TASK BRIEF ▸
Only some lines are wanted. Transcribe, exactly, the lines below from the line with "#172=ORIENTED_EDGE('',*,*,#171,.T.);" up to and including the line with "#226=DIRECTION('',(1.,0.,0.));".

DATA UNDER STUDY ▸
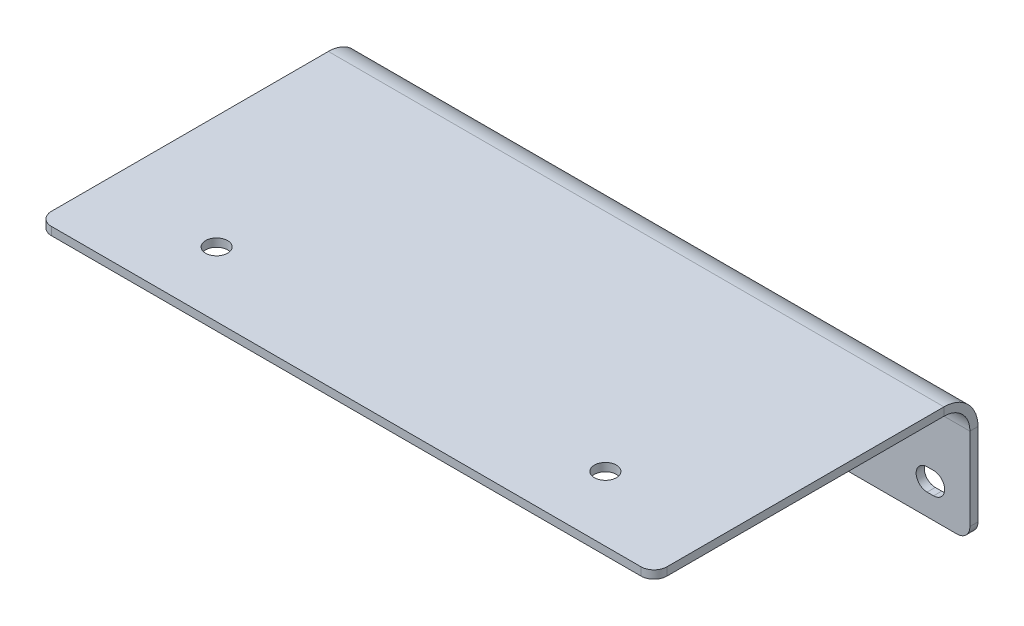
ISO-10303-21;
HEADER;
FILE_DESCRIPTION(('STEP AP214'),'2;1');
FILE_NAME('part.step','',(''),(''),'','','');
FILE_SCHEMA(('AUTOMOTIVE_DESIGN { 1 0 10303 214 1 1 1 1 }'));
ENDSEC;
DATA;
#1=APPLICATION_CONTEXT('core data for automotive mechanical design processes');
#2=APPLICATION_PROTOCOL_DEFINITION('international standard','automotive_design',2000,#1);
#3=PRODUCT_CONTEXT('',#1,'mechanical');
#4=PRODUCT('Part','Part','',(#3));
#5=PRODUCT_RELATED_PRODUCT_CATEGORY('part','',(#4));
#6=PRODUCT_DEFINITION_FORMATION('','',#4);
#7=PRODUCT_DEFINITION_CONTEXT('part definition',#1,'design');
#8=PRODUCT_DEFINITION('design','',#6,#7);
#9=PRODUCT_DEFINITION_SHAPE('','',#8);
#10=(LENGTH_UNIT() NAMED_UNIT(*) SI_UNIT(.MILLI.,.METRE.));
#11=(NAMED_UNIT(*) PLANE_ANGLE_UNIT() SI_UNIT($,.RADIAN.));
#12=(NAMED_UNIT(*) SI_UNIT($,.STERADIAN.) SOLID_ANGLE_UNIT());
#13=UNCERTAINTY_MEASURE_WITH_UNIT(LENGTH_MEASURE(1.E-05),#10,'distance_accuracy_value','');
#14=(GEOMETRIC_REPRESENTATION_CONTEXT(3) GLOBAL_UNCERTAINTY_ASSIGNED_CONTEXT((#13)) GLOBAL_UNIT_ASSIGNED_CONTEXT((#10,
#11,#12)) REPRESENTATION_CONTEXT('',''));
#15=CARTESIAN_POINT('',(0.,0.,0.));
#16=DIRECTION('',(0.,0.,1.));
#17=DIRECTION('',(1.,0.,0.));
#18=AXIS2_PLACEMENT_3D('',#15,#16,#17);
#19=CARTESIAN_POINT('',(0.,25.4,1.5875));
#20=DIRECTION('',(0.,0.,-1.));
#21=DIRECTION('',(-1.,0.,0.));
#22=AXIS2_PLACEMENT_3D('',#19,#20,#21);
#23=PLANE('',#22);
#24=DIRECTION('',(1.,0.,0.));
#25=VECTOR('',#24,1.);
#26=CARTESIAN_POINT('',(7.112,4.19734999999999,1.5875));
#27=LINE('',#26,#25);
#28=CARTESIAN_POINT('',(7.112,4.19734999999999,1.5875));
#29=VERTEX_POINT('',#28);
#30=CARTESIAN_POINT('',(8.382,4.19734999999999,1.5875));
#31=VERTEX_POINT('',#30);
#32=EDGE_CURVE('E231',#29,#31,#27,.T.);
#33=ORIENTED_EDGE('',*,*,#32,.F.);
#34=CARTESIAN_POINT('',(7.112,6.34999999999999,1.5875));
#35=DIRECTION('',(0.,0.,1.));
#36=DIRECTION('',(1.,0.,0.));
#37=AXIS2_PLACEMENT_3D('',#34,#35,#36);
#38=CIRCLE('',#37,2.15265);
#39=CARTESIAN_POINT('',(7.112,8.50264999999999,1.5875));
#40=VERTEX_POINT('',#39);
#41=EDGE_CURVE('E77',#40,#29,#38,.T.);
#42=ORIENTED_EDGE('',*,*,#41,.F.);
#43=DIRECTION('',(-1.,0.,0.));
#44=VECTOR('',#43,1.);
#45=CARTESIAN_POINT('',(7.112,8.50264999999999,1.5875));
#46=LINE('',#45,#44);
#47=CARTESIAN_POINT('',(8.382,8.50264999999999,1.5875));
#48=VERTEX_POINT('',#47);
#49=EDGE_CURVE('E219',#48,#40,#46,.T.);
#50=ORIENTED_EDGE('',*,*,#49,.F.);
#51=CARTESIAN_POINT('',(8.382,6.34999999999999,1.5875));
#52=DIRECTION('',(0.,0.,1.));
#53=DIRECTION('',(1.,0.,0.));
#54=AXIS2_PLACEMENT_3D('',#51,#52,#53);
#55=CIRCLE('',#54,2.15265);
#56=EDGE_CURVE('E222',#31,#48,#55,.T.);
#57=ORIENTED_EDGE('',*,*,#56,.F.);
#58=EDGE_LOOP('',(#33,#42,#50,#57));
#59=FACE_BOUND('',#58,.T.);
#60=DIRECTION('',(1.,0.,0.));
#61=VECTOR('',#60,1.);
#62=CARTESIAN_POINT('',(112.268,4.19735,1.5875));
#63=LINE('',#62,#61);
#64=CARTESIAN_POINT('',(112.268,4.19735,1.5875));
#65=VERTEX_POINT('',#64);
#66=CARTESIAN_POINT('',(113.538,4.19735,1.5875));
#67=VERTEX_POINT('',#66);
#68=EDGE_CURVE('E257',#65,#67,#63,.T.);
#69=ORIENTED_EDGE('',*,*,#68,.F.);
#70=CARTESIAN_POINT('',(112.268,6.35,1.5875));
#71=DIRECTION('',(0.,0.,1.));
#72=DIRECTION('',(1.,0.,0.));
#73=AXIS2_PLACEMENT_3D('',#70,#71,#72);
#74=CIRCLE('',#73,2.15265);
#75=CARTESIAN_POINT('',(112.268,8.50265,1.5875));
#76=VERTEX_POINT('',#75);
#77=EDGE_CURVE('E85',#76,#65,#74,.T.);
#78=ORIENTED_EDGE('',*,*,#77,.F.);
#79=DIRECTION('',(-1.,0.,0.));
#80=VECTOR('',#79,1.);
#81=CARTESIAN_POINT('',(112.268,8.50265,1.5875));
#82=LINE('',#81,#80);
#83=CARTESIAN_POINT('',(113.538,8.50265,1.5875));
#84=VERTEX_POINT('',#83);
#85=EDGE_CURVE('E246',#84,#76,#82,.T.);
#86=ORIENTED_EDGE('',*,*,#85,.F.);
#87=CARTESIAN_POINT('',(113.538,6.35,1.5875));
#88=DIRECTION('',(0.,0.,1.));
#89=DIRECTION('',(1.,0.,0.));
#90=AXIS2_PLACEMENT_3D('',#87,#88,#89);
#91=CIRCLE('',#90,2.15265);
#92=EDGE_CURVE('E261',#67,#84,#91,.T.);
#93=ORIENTED_EDGE('',*,*,#92,.F.);
#94=EDGE_LOOP('',(#69,#78,#86,#93));
#95=FACE_BOUND('',#94,.T.);
#96=DIRECTION('',(0.,-1.,0.));
#97=VECTOR('',#96,1.);
#98=CARTESIAN_POINT('',(0.,25.4,1.5875));
#99=LINE('',#98,#97);
#100=CARTESIAN_POINT('',(0.,18.7325,1.5875));
#101=VERTEX_POINT('',#100);
#102=CARTESIAN_POINT('',(0.,2.54,1.5875));
#103=VERTEX_POINT('',#102);
#104=EDGE_CURVE('E327',#101,#103,#99,.T.);
#105=ORIENTED_EDGE('',*,*,#104,.T.);
#106=CARTESIAN_POINT('',(2.54,2.54,1.5875));
#107=DIRECTION('',(0.,0.,-1.));
#108=DIRECTION('',(-1.,0.,0.));
#109=AXIS2_PLACEMENT_3D('',#106,#107,#108);
#110=CIRCLE('',#109,2.54);
#111=CARTESIAN_POINT('',(2.54,0.,1.5875));
#112=VERTEX_POINT('',#111);
#113=EDGE_CURVE('E353',#103,#112,#110,.F.);
#114=ORIENTED_EDGE('',*,*,#113,.T.);
#115=DIRECTION('',(1.,0.,0.));
#116=VECTOR('',#115,1.);
#117=CARTESIAN_POINT('',(0.,0.,1.5875));
#118=LINE('',#117,#116);
#119=CARTESIAN_POINT('',(118.11,0.,1.5875));
#120=VERTEX_POINT('',#119);
#121=EDGE_CURVE('E319',#112,#120,#118,.T.);
#122=ORIENTED_EDGE('',*,*,#121,.T.);
#123=CARTESIAN_POINT('',(118.11,2.54,1.5875));
#124=DIRECTION('',(0.,0.,-1.));
#125=DIRECTION('',(-1.,0.,0.));
#126=AXIS2_PLACEMENT_3D('',#123,#124,#125);
#127=CIRCLE('',#126,2.54);
#128=CARTESIAN_POINT('',(120.65,2.54,1.5875));
#129=VERTEX_POINT('',#128);
#130=EDGE_CURVE('E351',#120,#129,#127,.F.);
#131=ORIENTED_EDGE('',*,*,#130,.T.);
#132=DIRECTION('',(0.,-1.,0.));
#133=VECTOR('',#132,1.);
#134=CARTESIAN_POINT('',(120.65,25.4,1.5875));
#135=LINE('',#134,#133);
#136=CARTESIAN_POINT('',(120.65,18.7325,1.5875));
#137=VERTEX_POINT('',#136);
#138=EDGE_CURVE('E336',#137,#129,#135,.T.);
#139=ORIENTED_EDGE('',*,*,#138,.F.);
#140=DIRECTION('',(-1.,0.,0.));
#141=VECTOR('',#140,1.);
#142=CARTESIAN_POINT('',(0.,18.7325,1.5875));
#143=LINE('',#142,#141);
#144=EDGE_CURVE('E312',#101,#137,#143,.F.);
#145=ORIENTED_EDGE('',*,*,#144,.F.);
#146=EDGE_LOOP('',(#105,#114,#122,#131,#139,#145));
#147=FACE_BOUND('',#146,.T.);
#148=ADVANCED_FACE('F62',(#59,#95,#147),#23,.F.);
#149=CARTESIAN_POINT('',(0.,25.4,0.));
#150=DIRECTION('',(0.,0.,-1.));
#151=DIRECTION('',(-1.,0.,0.));
#152=AXIS2_PLACEMENT_3D('',#149,#150,#151);
#153=PLANE('',#152);
#154=CARTESIAN_POINT('',(7.112,6.34999999999999,0.));
#155=DIRECTION('',(0.,0.,1.));
#156=DIRECTION('',(1.,0.,0.));
#157=AXIS2_PLACEMENT_3D('',#154,#155,#156);
#158=CIRCLE('',#157,2.15265);
#159=CARTESIAN_POINT('',(7.112,8.50264999999999,0.));
#160=VERTEX_POINT('',#159);
#161=CARTESIAN_POINT('',(7.112,4.19734999999999,0.));
#162=VERTEX_POINT('',#161);
#163=EDGE_CURVE('E200',#160,#162,#158,.T.);
#164=ORIENTED_EDGE('',*,*,#163,.T.);
#165=DIRECTION('',(1.,0.,0.));
#166=VECTOR('',#165,1.);
#167=CARTESIAN_POINT('',(7.112,4.19734999999999,0.));
#168=LINE('',#167,#166);
#169=CARTESIAN_POINT('',(8.382,4.19734999999999,0.));
#170=VERTEX_POINT('',#169);
#171=EDGE_CURVE('E210',#162,#170,#168,.T.);
#172=ORIENTED_EDGE('',*,*,#171,.T.);
#173=CARTESIAN_POINT('',(8.382,6.34999999999999,0.));
#174=DIRECTION('',(0.,0.,1.));
#175=DIRECTION('',(1.,0.,0.));
#176=AXIS2_PLACEMENT_3D('',#173,#174,#175);
#177=CIRCLE('',#176,2.15265);
#178=CARTESIAN_POINT('',(8.382,8.50264999999999,0.));
#179=VERTEX_POINT('',#178);
#180=EDGE_CURVE('E214',#170,#179,#177,.T.);
#181=ORIENTED_EDGE('',*,*,#180,.T.);
#182=DIRECTION('',(-1.,0.,0.));
#183=VECTOR('',#182,1.);
#184=CARTESIAN_POINT('',(7.112,8.50264999999999,0.));
#185=LINE('',#184,#183);
#186=EDGE_CURVE('E206',#179,#160,#185,.T.);
#187=ORIENTED_EDGE('',*,*,#186,.T.);
#188=EDGE_LOOP('',(#164,#172,#181,#187));
#189=FACE_BOUND('',#188,.T.);
#190=CARTESIAN_POINT('',(112.268,6.35,0.));
#191=DIRECTION('',(0.,0.,1.));
#192=DIRECTION('',(1.,0.,0.));
#193=AXIS2_PLACEMENT_3D('',#190,#191,#192);
#194=CIRCLE('',#193,2.15265);
#195=CARTESIAN_POINT('',(112.268,8.50265,0.));
#196=VERTEX_POINT('',#195);
#197=CARTESIAN_POINT('',(112.268,4.19735,0.));
#198=VERTEX_POINT('',#197);
#199=EDGE_CURVE('E242',#196,#198,#194,.T.);
#200=ORIENTED_EDGE('',*,*,#199,.T.);
#201=DIRECTION('',(1.,0.,0.));
#202=VECTOR('',#201,1.);
#203=CARTESIAN_POINT('',(112.268,4.19735,0.));
#204=LINE('',#203,#202);
#205=CARTESIAN_POINT('',(113.538,4.19735,0.));
#206=VERTEX_POINT('',#205);
#207=EDGE_CURVE('E245',#198,#206,#204,.T.);
#208=ORIENTED_EDGE('',*,*,#207,.T.);
#209=CARTESIAN_POINT('',(113.538,6.35,0.));
#210=DIRECTION('',(0.,0.,1.));
#211=DIRECTION('',(1.,0.,0.));
#212=AXIS2_PLACEMENT_3D('',#209,#210,#211);
#213=CIRCLE('',#212,2.15265);
#214=CARTESIAN_POINT('',(113.538,8.50265,0.));
#215=VERTEX_POINT('',#214);
#216=EDGE_CURVE('E249',#206,#215,#213,.T.);
#217=ORIENTED_EDGE('',*,*,#216,.T.);
#218=DIRECTION('',(-1.,0.,0.));
#219=VECTOR('',#218,1.);
#220=CARTESIAN_POINT('',(112.268,8.50265,0.));
#221=LINE('',#220,#219);
#222=EDGE_CURVE('E252',#215,#196,#221,.T.);
#223=ORIENTED_EDGE('',*,*,#222,.T.);
#224=EDGE_LOOP('',(#200,#208,#217,#223));
#225=FACE_BOUND('',#224,.T.);
#226=DIRECTION('',(1.,0.,0.));
#227=VECTOR('',#226,1.);
#228=CARTESIAN_POINT('',(0.,0.,0.));
#229=LINE('',#228,#227);
#230=CARTESIAN_POINT('',(2.54,0.,0.));
#231=VERTEX_POINT('',#230);
#232=CARTESIAN_POINT('',(118.11,0.,0.));
#233=VERTEX_POINT('',#232);
#234=EDGE_CURVE('E324',#231,#233,#229,.T.);
#235=ORIENTED_EDGE('',*,*,#234,.F.);
#236=CARTESIAN_POINT('',(2.54,2.54,0.));
#237=DIRECTION('',(0.,0.,-1.));
#238=DIRECTION('',(-1.,0.,0.));
#239=AXIS2_PLACEMENT_3D('',#236,#237,#238);
#240=CIRCLE('',#239,2.54);
#241=CARTESIAN_POINT('',(0.,2.54,0.));
#242=VERTEX_POINT('',#241);
#243=EDGE_CURVE('E347',#231,#242,#240,.T.);
#244=ORIENTED_EDGE('',*,*,#243,.T.);
#245=DIRECTION('',(0.,-1.,0.));
#246=VECTOR('',#245,1.);
#247=CARTESIAN_POINT('',(0.,25.4,0.));
#248=LINE('',#247,#246);
#249=CARTESIAN_POINT('',(0.,18.7325,0.));
#250=VERTEX_POINT('',#249);
#251=EDGE_CURVE('E330',#250,#242,#248,.T.);
#252=ORIENTED_EDGE('',*,*,#251,.F.);
#253=DIRECTION('',(-1.,0.,0.));
#254=VECTOR('',#253,1.);
#255=CARTESIAN_POINT('',(0.,18.7325,0.));
#256=LINE('',#255,#254);
#257=CARTESIAN_POINT('',(120.65,18.7325,0.));
#258=VERTEX_POINT('',#257);
#259=EDGE_CURVE('E299',#250,#258,#256,.F.);
#260=ORIENTED_EDGE('',*,*,#259,.T.);
#261=DIRECTION('',(0.,-1.,0.));
#262=VECTOR('',#261,1.);
#263=CARTESIAN_POINT('',(120.65,25.4,0.));
#264=LINE('',#263,#262);
#265=CARTESIAN_POINT('',(120.65,2.54,0.));
#266=VERTEX_POINT('',#265);
#267=EDGE_CURVE('E333',#258,#266,#264,.T.);
#268=ORIENTED_EDGE('',*,*,#267,.T.);
#269=CARTESIAN_POINT('',(118.11,2.54,0.));
#270=DIRECTION('',(0.,0.,-1.));
#271=DIRECTION('',(-1.,0.,0.));
#272=AXIS2_PLACEMENT_3D('',#269,#270,#271);
#273=CIRCLE('',#272,2.54);
#274=EDGE_CURVE('E345',#266,#233,#273,.T.);
#275=ORIENTED_EDGE('',*,*,#274,.T.);
#276=EDGE_LOOP('',(#235,#244,#252,#260,#268,#275));
#277=FACE_BOUND('',#276,.T.);
#278=ADVANCED_FACE('F216',(#189,#225,#277),#153,.T.);
#279=CARTESIAN_POINT('',(0.,25.4,1.5875));
#280=DIRECTION('',(-1.,0.,0.));
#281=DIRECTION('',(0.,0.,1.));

REPLY TO THE TASK ▸
#172=ORIENTED_EDGE('',*,*,#171,.T.);
#173=CARTESIAN_POINT('',(8.382,6.34999999999999,0.));
#174=DIRECTION('',(0.,0.,1.));
#175=DIRECTION('',(1.,0.,0.));
#176=AXIS2_PLACEMENT_3D('',#173,#174,#175);
#177=CIRCLE('',#176,2.15265);
#178=CARTESIAN_POINT('',(8.382,8.50264999999999,0.));
#179=VERTEX_POINT('',#178);
#180=EDGE_CURVE('E214',#170,#179,#177,.T.);
#181=ORIENTED_EDGE('',*,*,#180,.T.);
#182=DIRECTION('',(-1.,0.,0.));
#183=VECTOR('',#182,1.);
#184=CARTESIAN_POINT('',(7.112,8.50264999999999,0.));
#185=LINE('',#184,#183);
#186=EDGE_CURVE('E206',#179,#160,#185,.T.);
#187=ORIENTED_EDGE('',*,*,#186,.T.);
#188=EDGE_LOOP('',(#164,#172,#181,#187));
#189=FACE_BOUND('',#188,.T.);
#190=CARTESIAN_POINT('',(112.268,6.35,0.));
#191=DIRECTION('',(0.,0.,1.));
#192=DIRECTION('',(1.,0.,0.));
#193=AXIS2_PLACEMENT_3D('',#190,#191,#192);
#194=CIRCLE('',#193,2.15265);
#195=CARTESIAN_POINT('',(112.268,8.50265,0.));
#196=VERTEX_POINT('',#195);
#197=CARTESIAN_POINT('',(112.268,4.19735,0.));
#198=VERTEX_POINT('',#197);
#199=EDGE_CURVE('E242',#196,#198,#194,.T.);
#200=ORIENTED_EDGE('',*,*,#199,.T.);
#201=DIRECTION('',(1.,0.,0.));
#202=VECTOR('',#201,1.);
#203=CARTESIAN_POINT('',(112.268,4.19735,0.));
#204=LINE('',#203,#202);
#205=CARTESIAN_POINT('',(113.538,4.19735,0.));
#206=VERTEX_POINT('',#205);
#207=EDGE_CURVE('E245',#198,#206,#204,.T.);
#208=ORIENTED_EDGE('',*,*,#207,.T.);
#209=CARTESIAN_POINT('',(113.538,6.35,0.));
#210=DIRECTION('',(0.,0.,1.));
#211=DIRECTION('',(1.,0.,0.));
#212=AXIS2_PLACEMENT_3D('',#209,#210,#211);
#213=CIRCLE('',#212,2.15265);
#214=CARTESIAN_POINT('',(113.538,8.50265,0.));
#215=VERTEX_POINT('',#214);
#216=EDGE_CURVE('E249',#206,#215,#213,.T.);
#217=ORIENTED_EDGE('',*,*,#216,.T.);
#218=DIRECTION('',(-1.,0.,0.));
#219=VECTOR('',#218,1.);
#220=CARTESIAN_POINT('',(112.268,8.50265,0.));
#221=LINE('',#220,#219);
#222=EDGE_CURVE('E252',#215,#196,#221,.T.);
#223=ORIENTED_EDGE('',*,*,#222,.T.);
#224=EDGE_LOOP('',(#200,#208,#217,#223));
#225=FACE_BOUND('',#224,.T.);
#226=DIRECTION('',(1.,0.,0.));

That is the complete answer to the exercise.